## Exercise materials
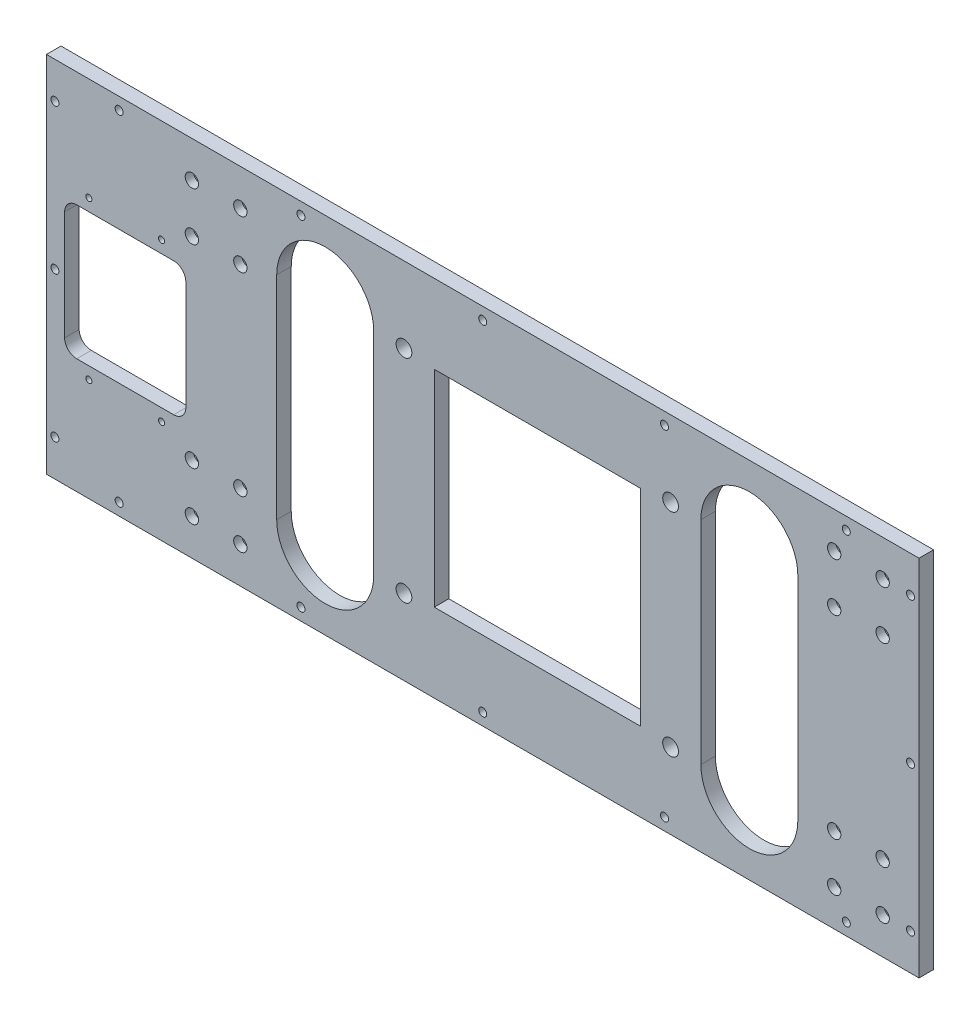
SolidWorks part; units mm, degrees
material "A3钢"
ref_plane "前视基准面" through (0, 0, 0) normal (0, 0, 1) x (1, 0, 0)
ref_plane "上视基准面" through (0, 0, 0) normal (0, 1, 0) x (1, 0, 0)
ref_plane "右视基准面" through (0, 0, 0) normal (1, 0, 0) x (0, 0, -1)
sketch "草图1" plane through (0, 0, 0) normal (0, 0, 1) x (1, 0, 0)
  line L1 (-360, -150) -> (360, -150)
  line L2 (-360, -150) -> (-360, 150)
  line L3 (-360, 150) -> (360, 150)
  line L4 (360, -150) -> (360, 150)
  line L5 (-360, -150) -> (360, 150) construction
  line L6 (-360, 150) -> (360, -150) construction
  point P0 (0, 0)
  dimension "D1" = 720
  dimension "D2" = 300
extrude "凸台-拉伸1" add sketch "草图1" along normal mid plane 12
sketch "草图2" plane through (0, 0, 6) normal (0, 0, 1) x (1, 0, 0)
  line L0 (45, 0) -> (235.2382, 0) construction
  line L1 (360, 150) -> (-360, 150) construction
  line L2 (-360, -150) -> (360, -150) construction
  line L3 (360, -150) -> (360, 150) construction
  circle A0 centre (45, 0) radius 30
  dimension "D1" = 60
  dimension "D2" = 315
extrude "切除-拉伸1" cut sketch "草图2" against normal through all
sketch "草图5" plane through (0, 0, 6) normal (0, 0, 1) x (1, 0, 0)
  line L0 (-45, 0) -> (45, 0) construction
  line L1 (45, 34.9467) -> (45, 0) construction
  circle A0 centre (-130, 87.5) radius 22.5
  circle A1 centre (-130, -87.5) radius 22.5
  circle A2 centre (220, -87.5) radius 22.5
  circle A3 centre (220, 87.5) radius 22.5
  dimension "D1" = 350
  dimension "D2" = 175
  dimension "D3" = 45
extrude "切除-拉伸2" cut sketch "草图5" against normal through all
hole_wizard "M6 螺纹孔1" positions "草图6" profile "草图7" tap size "M6" standard "GB" end condition through all
sketch "草图6" plane through (0, 0, 6) normal (0, 0, 1) x (1, 0, 0)
  line L0 (-243.226, 0) -> (45, 0) construction
  line L3 (45, 139.8405) -> (45, 0) construction
  line L4 (-130, 87.5) -> (-229.3436, 87.5) construction
  line L7 (-130, 87.5) -> (-130, 125.6853) construction
  circle A0 centre (45, 0) radius 30 construction
  point P117 (-154.5, 105)
  point P132 (-105.5, 105)
  point P133 (-105.5, 70)
  point P134 (-154.5, 70)
  point P135 (244.5, 70)
  point P136 (195.5, 70)
  point P137 (195.5, 105)
  point P138 (244.5, 105)
  point P139 (244.5, -105)
  point P140 (195.5, -105)
  point P141 (195.5, -70)
  point P142 (244.5, -70)
  point P143 (-154.5, -70)
  point P144 (-105.5, -70)
  point P145 (-105.5, -105)
  point P146 (-154.5, -105)
  dimension "D1" = 49
  dimension "D2" = 35
sketch "草图7" plane through (-154.5, -105, 6) normal (1, 0, 0) x (0, -1, 0)
  line L0 (0, 0) -> (0, 12)
  line L1 (0, 12) -> (2.5, 12)
  line L2 (2.5, 12) -> (2.5, 0)
  line L5 (2.5, 0) -> (0, 0)
  line L11 (0, -6.35) -> (0, 107.95) construction
  dimension "通孔螺纹孔钻头直径" = 5
  dimension "通孔螺纹孔钻头深度" = 12
cosmetic thread "孔螺蚊线1" parameters "D2"=6
cosmetic thread "孔螺蚊线2" parameters "D2"=6
cosmetic thread "孔螺蚊线3" parameters "D2"=6
cosmetic thread "孔螺蚊线4" parameters "D2"=6
cosmetic thread "孔螺蚊线5" parameters "D2"=6
cosmetic thread "孔螺蚊线6" parameters "D2"=6
cosmetic thread "孔螺蚊线7" parameters "D2"=6
cosmetic thread "孔螺蚊线8" parameters "D2"=6
cosmetic thread "孔螺蚊线9" parameters "D2"=6
cosmetic thread "孔螺蚊线10" parameters "D2"=6
cosmetic thread "孔螺蚊线11" parameters "D2"=6
cosmetic thread "孔螺蚊线12" parameters "D2"=6
cosmetic thread "孔螺蚊线13" parameters "D2"=6
cosmetic thread "孔螺蚊线14" parameters "D2"=6
cosmetic thread "孔螺蚊线15" parameters "D2"=6
cosmetic thread "孔螺蚊线16" parameters "D2"=6
hole_wizard "Ø13.0 (13) 直径孔1" positions "草图15" profile "草图16" hole size "Ø13.0" standard "GB" end condition through all
sketch "草图15" plane through (0, 0, 6) normal (0, 0, 1) x (1, 0, 0)
  line L0 (-244.6825, 0) -> (45, 0) construction
  line L3 (45, 139.2576) -> (45, -142.8825) construction
  circle A0 centre (45, 0) radius 30 construction
  point P0 (-65, 87.5)
  point P15 (155, 87.5)
  point P16 (155, -87.5)
  point P17 (-65, -87.5)
  dimension "D1" = 220
  dimension "D2" = 175
sketch "草图16" plane through (-65, 87.5, 6) normal (1, 0, 0) x (0, -1, 0)
  line L0 (0, 0) -> (0, 12)
  line L1 (0, 12) -> (6.5, 12)
  line L2 (6.5, 12) -> (6.5, 0)
  line L5 (6.5, 0) -> (0, 0)
  line L11 (0, -6.35) -> (0, 107.95) construction
  dimension "通孔孔直径" = 13
  dimension "通孔孔深度" = 12
sketch "草图17" plane through (0, 0, 6) normal (0, 0, 1) x (1, 0, 0)
  line L0 (-152.5, 87.5) -> (-107.5, 87.5) construction
  line L2 (225, -87.5) -> (-225, -87.5)
  line L3 (225, -87.5) -> (225, 87.5)
  line L4 (225, 87.5) -> (-225, 87.5)
  line L5 (-225, -87.5) -> (-225, 87.5)
  line L6 (225, -87.5) -> (-225, 87.5) construction
  line L7 (225, 87.5) -> (-225, -87.5) construction
  line L8 (-241, 102.5) -> (-209, 102.5)
  line L9 (-241, 102.5) -> (-241, 72.5)
  line L10 (-241, 72.5) -> (-209, 72.5)
  line L11 (-209, 102.5) -> (-209, 72.5)
  line L12 (-241, 102.5) -> (-209, 72.5) construction
  line L13 (-241, 72.5) -> (-209, 102.5) construction
  circle A0 centre (-130, 87.5) radius 22.5 construction
  point P5 (0, 0)
  dimension "D1" = 32
  dimension "D2" = 30
  dimension "D3" = 450
ref_plane "基准面1" through (0, 0, 0) normal (0, -1, 0) x (-1, 0, 0)
ref_plane "基准面2" through (0, 0, 0) normal (-1, 0, 0) x (0, 0, 1)
sketch "草图18" plane through (0, 0, 6) normal (0, 0, 1) x (1, 0, 0)
  line L0 (45, 0) -> (606.8786, 0) construction
  line L1 (310, -100) -> (-220, -100)
  line L2 (310, -100) -> (310, 100)
  line L3 (310, 100) -> (-220, 100)
  line L4 (-220, -100) -> (-220, 100)
  line L5 (310, -100) -> (-220, 100) construction
  line L6 (310, 100) -> (-220, -100) construction
  line L7 (45, 0) -> (45, 422.5031) construction
  line L8 (330, -80) -> (290, -120) construction
  line L9 (-240, 120) -> (-200, 120)
  line L10 (-240, 120) -> (-240, 80)
  line L11 (-240, 80) -> (-200, 80)
  line L12 (-200, 120) -> (-200, 80)
  line L13 (-240, 120) -> (-200, 80) construction
  line L14 (-240, 80) -> (-200, 120) construction
  line L15 (-240, -120) -> (-200, -120)
  line L16 (-240, -120) -> (-240, -80)
  line L17 (-240, -80) -> (-200, -80)
  line L18 (-200, -120) -> (-200, -80)
  line L19 (-240, -120) -> (-200, -80) construction
  line L20 (-240, -80) -> (-200, -120) construction
  line L21 (330, -120) -> (290, -80) construction
  line L22 (330, 80) -> (290, 120) construction
  line L23 (330, 120) -> (290, 80) construction
  line L24 (290, -120) -> (290, -80)
  line L25 (330, -80) -> (290, -80)
  line L26 (330, -120) -> (330, -80)
  line L27 (330, -120) -> (290, -120)
  line L28 (290, 120) -> (290, 80)
  line L29 (330, 80) -> (290, 80)
  line L30 (330, 120) -> (330, 80)
  line L31 (330, 120) -> (290, 120)
  line L32 (310, -100) -> (310, 100)
  line L33 (360, -150) -> (360, 150) construction
  line L34 (360, 150) -> (-360, 150) construction
  line L35 (-360, -150) -> (360, -150) construction
  dimension "D1" = 530
  dimension "D2" = 200
  dimension "D3" = 40
  dimension "D4" = 40
  dimension "D5" = 50
hole_wizard "打孔尺寸(%根据)内六角圆柱头螺钉的类型4" positions "3D草图1" profile "草图20" counterbore size "M6" standard "GB" end condition through all
sketch3d "3D草图1"
  point P0 (-240, 120, 6)
  point P3 (-200, 120, 6)
  point P6 (-200, 80, 6)
  point P9 (-240, 80, 6)
  point P12 (-200, -80, 6)
  point P15 (-200, -120, 6)
  point P18 (-240, -120, 6)
  point P21 (-240, -80, 6)
  point P25 (290, 120, 6)
  point P28 (330, 120, 6)
  point P31 (330, 80, 6)
  point P34 (290, 80, 6)
  point P37 (290, -80, 6)
  point P40 (330, -80, 6)
  point P43 (330, -120, 6)
  point P46 (290, -120, 6)
sketch "草图20" plane through (-240, 120, 6) normal (1, 0, 0) x (0, -1, 0)
  line L0 (0, 0) -> (0, 12)
  line L1 (0, 12) -> (3.3, 12)
  line L3 (3.3, 12) -> (3.3, 6.8)
  line L4 (3.3, 6.8) -> (5.5, 6.8)
  line L5 (5.5, 6.8) -> (5.5, 0)
  line L7 (5.5, 0) -> (0, 0)
  line L11 (0, -6.35) -> (0, 107.95) construction
  dimension "通孔孔直径" = 6.6
  dimension "通孔孔深度" = 12
  dimension "柱形沉头孔直径" = 11
  dimension "柱形沉头孔深度" = 6.8
sketch "草图21" plane through (0, 0, 6) normal (0, 0, 1) x (1, 0, 0)
  line L1 (-30, -75) -> (120, -75)
  line L2 (-30, -75) -> (-30, 75)
  line L3 (-30, 75) -> (120, 75)
  line L4 (120, -75) -> (120, 75)
  line L5 (-30, -75) -> (120, 75) construction
  line L6 (-30, 75) -> (120, -75) construction
  point P0 (45, 0)
  dimension "D1" = 150
sketch "草图22" plane through (0, 0, 6) normal (0, 0, 1) x (1, 0, 0)
  line L1 (-336.75, -24.75) -> (-287.25, -24.75)
  line L2 (-336.75, -24.75) -> (-336.75, 24.75)
  line L3 (-336.75, 24.75) -> (-287.25, 24.75)
  line L4 (-287.25, -24.75) -> (-287.25, 24.75)
  line L5 (-336.75, -24.75) -> (-287.25, 24.75) construction
  line L6 (-336.75, 24.75) -> (-287.25, -24.75) construction
  line L7 (0, 0) -> (-421.3567, 0) construction
  circle A1 centre (-240, 80) radius 3.3 construction
  point P0 (-312, 0)
  dimension "D1" = 72
  dimension "D2" = 49.5
  dimension "D3" = 49.5
sketch "草图26" plane through (0, 0, 6) normal (0, 0, 1) x (1, 0, 0)
  line L0 (45, 0) -> (485.4738, 0) construction
  line L1 (0.5, -44.5) -> (89.5, -44.5)
  line L2 (0.5, -44.5) -> (0.5, 44.5)
  line L3 (0.5, 44.5) -> (89.5, 44.5)
  line L4 (89.5, -44.5) -> (89.5, 44.5)
  line L5 (0.5, -44.5) -> (89.5, 44.5) construction
  line L6 (0.5, 44.5) -> (89.5, -44.5) construction
  line L7 (45, 0) -> (45, 266.8061) construction
  dimension "D1" = 89
  dimension "D2" = 89
hole_wizard "Ø11.0 (11) 直径孔1" positions "3D草图3" profile "草图27" hole size "Ø11.0" standard "GB" end condition through all
sketch3d "3D草图3"
  point P0 (-30, 75, 6)
  point P3 (122.598, 78.1933, 6)
  point P6 (-30, -75, 6)
  point P9 (120, -75, 6)
sketch "草图27" plane through (-30, 75, 6) normal (1, 0, 0) x (0, -1, 0)
  line L0 (0, 0) -> (0, 12)
  line L1 (0, 12) -> (5.5, 12)
  line L2 (5.5, 12) -> (5.5, 0)
  line L5 (5.5, 0) -> (0, 0)
  line L11 (0, -6.35) -> (0, 107.95) construction
  dimension "通孔孔直径" = 11
  dimension "通孔孔深度" = 12
hole_wizard "Ø11.0 (11) 直径孔2" positions "3D草图4" profile "草图28" hole size "Ø11.0" standard "GB" end condition through all
sketch3d "3D草图4"
  point P0 (0.5, -44.5, 6)
  point P3 (89.5, -44.5, 6)
  point P6 (89.5, 44.5, 6)
  point P9 (0.5, 44.5, 6)
sketch "草图28" plane through (0.5, -44.5, 6) normal (1, 0, 0) x (0, -1, 0)
  line L0 (0, 0) -> (0, 12)
  line L1 (0, 12) -> (5.5, 12)
  line L2 (5.5, 12) -> (5.5, 0)
  line L5 (5.5, 0) -> (0, 0)
  line L11 (0, -6.35) -> (0, 107.95) construction
  dimension "通孔孔直径" = 11
  dimension "通孔孔深度" = 12
sketch "草图29" plane through (0, 0, 6) normal (0, 0, 1) x (1, 0, 0)
  line L1 (-40, -85) -> (130, -85)
  line L2 (-40, -85) -> (-40, 85)
  line L3 (-40, 85) -> (130, 85)
  line L4 (130, -85) -> (130, 85)
  line L5 (-40, -85) -> (130, 85) construction
  line L6 (-40, 85) -> (130, -85) construction
  point P0 (45, 0)
  dimension "D1" = 170
extrude "切除-拉伸5" cut sketch "草图29" against normal through all
sketch "草图30" plane through (0, 0, 6) normal (0, 0, 1) x (1, 0, 0)
  line L0 (-130, 87.5) -> (-130, -87.5) construction
  line L1 (-90, 87.5) -> (-90, -87.5)
  line L2 (-170, 87.5) -> (-170, -87.5)
  line L3 (220, 87.5) -> (220, -87.5) construction
  line L4 (260, 87.5) -> (260, -87.5)
  line L5 (180, 87.5) -> (180, -87.5)
  arc A0 (-90, 87.5) -> (-170, 87.5) centre (-130, 87.5) ccw
  arc A1 (-170, -87.5) -> (-90, -87.5) centre (-130, -87.5) ccw
  arc A2 (260, 87.5) -> (180, 87.5) centre (220, 87.5) ccw
  arc A3 (180, -87.5) -> (260, -87.5) centre (220, -87.5) ccw
  point P2 (-130, 0)
  point P13 (220, 0)
  dimension "D1" = 40
extrude "切除-拉伸6" cut sketch "草图30" against normal through all
hole_wizard "M5 螺纹孔3" positions "3D草图5" profile "草图31" tap size "M5" standard "GB" end condition through all
sketch3d "3D草图5"
  point P0 (-336.75, 24.75, 6)
  point P3 (-287.25, 24.75, 6)
  point P6 (-287.25, -24.75, 6)
  point P9 (-336.75, -24.75, 6)
sketch "草图31" plane through (-336.75, 24.75, 6) normal (1, 0, 0) x (0, -1, 0)
  line L0 (0, 0) -> (0, 12)
  line L1 (0, 12) -> (2.1, 12)
  line L2 (2.1, 12) -> (2.1, 0)
  line L5 (2.1, 0) -> (0, 0)
  line L11 (0, -6.35) -> (0, 107.95) construction
  dimension "通孔螺纹孔钻头直径" = 4.2
  dimension "通孔螺纹孔钻头深度" = 12
cosmetic thread "孔螺蚊线29" parameters "D2"=5
cosmetic thread "孔螺蚊线30" parameters "D2"=5
cosmetic thread "孔螺蚊线31" parameters "D2"=5
cosmetic thread "孔螺蚊线32" parameters "D2"=5
sketch "草图32" plane through (0, 0, 6) normal (0, 0, 1) x (1, 0, 0)
  circle A0 centre (-312, 0) radius 28
  dimension "D1" = 56
extrude "切除-拉伸7" cut sketch "草图32" against normal through all
sketch "草图33" plane through (0, 0, -6) normal (0, 0, -1) x (-1, 0, 0)
  line L0 (360, 0) -> (-528.7833, 0) construction
  line L1 (360, 150) -> (360, -150) construction
  line L2 (0, -150) -> (0, 421.6194) construction
  line L3 (360, -150) -> (-360, -150) construction
  line L4 (353, -120) -> (353, 0) construction
  line L5 (353, 0) -> (353, 120) construction
  line L6 (-353, 0) -> (-353, 120) construction
  line L7 (-353, -120) -> (-353, 0) construction
  line L8 (300, -140) -> (150, -140) construction
  line L9 (150, -140) -> (0, -140) construction
  line L10 (0, -140) -> (-150, -140) construction
  line L11 (-150, -140) -> (-300, -140) construction
  line L12 (-150, 140) -> (-300, 140) construction
  line L13 (0, 140) -> (-150, 140) construction
  line L14 (150, 140) -> (0, 140) construction
  line L15 (300, 140) -> (150, 140) construction
  dimension "D1" = 7
  dimension "D2" = 120
  dimension "D3" = 140
  dimension "D4" = 150
hole_wizard "打孔尺寸(%根据)内六角圆柱头螺钉的类型4" positions "3D草图6" profile "草图34" counterbore size "M6" standard "GB" end condition through all
sketch3d "3D草图6"
  point P0 (-353, -120, -6)
  point P2 (-353, 0, -6)
  point P5 (-353, 120, -6)
  point P8 (-300, 140, -6)
  point P11 (-150, 140, -6)
  point P14 (0, 140, -6)
  point P17 (150, 140, -6)
  point P20 (300, 140, -6)
  point P23 (353, 120, -6)
  point P26 (353, 0, -6)
  point P29 (353, -120, -6)
  point P32 (300, -140, -6)
  point P35 (150, -140, -6)
  point P38 (0, -140, -6)
  point P41 (-150, -140, -6)
  point P45 (-300, -140, -6)
sketch "草图34" plane through (-353, -120, -6) normal (1, 0, 0) x (0, 1, 0)
  line L0 (0, 0) -> (0, 12)
  line L1 (0, 12) -> (3.3, 12)
  line L3 (3.3, 12) -> (3.3, 6.8)
  line L4 (3.3, 6.8) -> (5.5, 6.8)
  line L5 (5.5, 6.8) -> (5.5, 0)
  line L7 (5.5, 0) -> (0, 0)
  line L11 (0, -6.35) -> (0, 107.95) construction
  dimension "通孔孔直径" = 6.6
  dimension "通孔孔深度" = 12
  dimension "柱形沉头孔直径" = 11
  dimension "柱形沉头孔深度" = 6.8
sketch "草图35" plane through (0, 0, 6) normal (0, 0, 1) x (1, 0, 0)
  line L0 (-360, 0) -> (-139.2439, 0) construction
  line L1 (-341.8, -34.8) -> (-272.2, -34.8)
  line L2 (-341.8, -34.8) -> (-341.8, 34.8)
  line L3 (-341.8, 34.8) -> (-272.2, 34.8)
  line L4 (-272.2, -34.8) -> (-272.2, 34.8)
  line L5 (-341.8, -34.8) -> (-272.2, 34.8) construction
  line L6 (-341.8, 34.8) -> (-272.2, -34.8) construction
  line L7 (-360, 150) -> (-360, -150) construction
  point P0 (-307, 0)
  dimension "D1" = 69.6
  dimension "D2" = 69.6
  dimension "D3" = 53
hole_wizard "M6 螺纹孔2" positions "3D草图7" profile "草图37" tap size "M6" standard "GB" end condition through all
sketch3d "3D草图7"
  point P0 (-341.8, 34.8, 6)
  point P3 (-272.2, 34.8, 6)
  point P6 (-272.2, -34.8, 6)
  point P9 (-341.8, -34.8, 6)
sketch "草图37" plane through (-341.8, 34.8, 6) normal (1, 0, 0) x (0, -1, 0)
  line L0 (0, 0) -> (0, 12)
  line L1 (0, 12) -> (2.5, 12)
  line L2 (2.5, 12) -> (2.5, 0)
  line L5 (2.5, 0) -> (0, 0)
  line L11 (0, -6.35) -> (0, 107.95) construction
  dimension "通孔螺纹孔钻头直径" = 5
  dimension "通孔螺纹孔钻头深度" = 12
cosmetic thread "孔螺蚊线33" parameters "D2"=6
cosmetic thread "孔螺蚊线34" parameters "D2"=6
cosmetic thread "孔螺蚊线35" parameters "D2"=6
cosmetic thread "孔螺蚊线36" parameters "D2"=6
sketch "草图38" plane through (0, 0, 6) normal (0, 0, 1) x (1, 0, 0)
  line L0 (-360, 0) -> (-237.9477, 0) construction
  line L1 (-360, 150) -> (-360, -150) construction
  line L3 (-345, 55) -> (-245, 55)
  line L4 (-345, 55) -> (-345, -55)
  line L5 (-345, -55) -> (-245, -55)
  line L6 (-245, 55) -> (-245, -55)
  line L7 (-345, 55) -> (-245, -55) construction
  line L8 (-345, -55) -> (-245, 55) construction
  point P5 (-295, 0)
  dimension "D1" = 15
  dimension "D2" = 100
  dimension "D3" = 110
extrude "切除-拉伸8" cut sketch "草图38" against normal through all
sketch "草图39" plane through (0, 0, 6) normal (0, 0, 1) x (1, 0, 0)
  line L1 (-360, 0) -> (-127.0333, 0) construction
  line L2 (-360, 150) -> (-360, -150) construction
  line L3 (-325, -65) -> (-265, -65)
  line L4 (-325, -65) -> (-325, 65)
  line L5 (-325, 65) -> (-265, 65)
  line L6 (-265, -65) -> (-265, 65)
  line L7 (-325, -65) -> (-265, 65) construction
  line L8 (-325, 65) -> (-265, -65) construction
  point P0 (-295, 0)
  dimension "D1" = 35
  dimension "D2" = 60
  dimension "D3" = 130
hole_wizard "M6 螺纹孔3" positions "3D草图8" profile "草图40" tap size "M6" standard "GB" end condition through all
sketch3d "3D草图8"
  point P0 (-325, 65, 6)
  point P3 (-265, 65, 6)
  point P6 (-265, -65, 6)
  point P9 (-325, -65, 6)
sketch "草图40" plane through (-325, 65, 6) normal (1, 0, 0) x (0, -1, 0)
  line L0 (0, 0) -> (0, 12)
  line L1 (0, 12) -> (2.5, 12)
  line L2 (2.5, 12) -> (2.5, 0)
  line L5 (2.5, 0) -> (0, 0)
  line L11 (0, -6.35) -> (0, 107.95) construction
  dimension "通孔螺纹孔钻头直径" = 5
  dimension "通孔螺纹孔钻头深度" = 12
cosmetic thread "孔螺蚊线37" parameters "D2"=6
cosmetic thread "孔螺蚊线38" parameters "D2"=6
cosmetic thread "孔螺蚊线39" parameters "D2"=6
cosmetic thread "孔螺蚊线40" parameters "D2"=6
fillet "圆角1" radius 10 4 edges at (-345, 55, 0) (-245, 55, 0) (-245, -55, 0) (-345, -55, 0)

## Task directions
Starting at the line that contains "line L3 (45, 139.8405)" and stopping after the line that contains "point P132 (-105.5, 105)", write out every line exactly as it appears above, and no other line.

## Reply to the task
  line L3 (45, 139.8405) -> (45, 0) construction
  line L4 (-130, 87.5) -> (-229.3436, 87.5) construction
  line L7 (-130, 87.5) -> (-130, 125.6853) construction
  circle A0 centre (45, 0) radius 30 construction
  point P117 (-154.5, 105)
  point P132 (-105.5, 105)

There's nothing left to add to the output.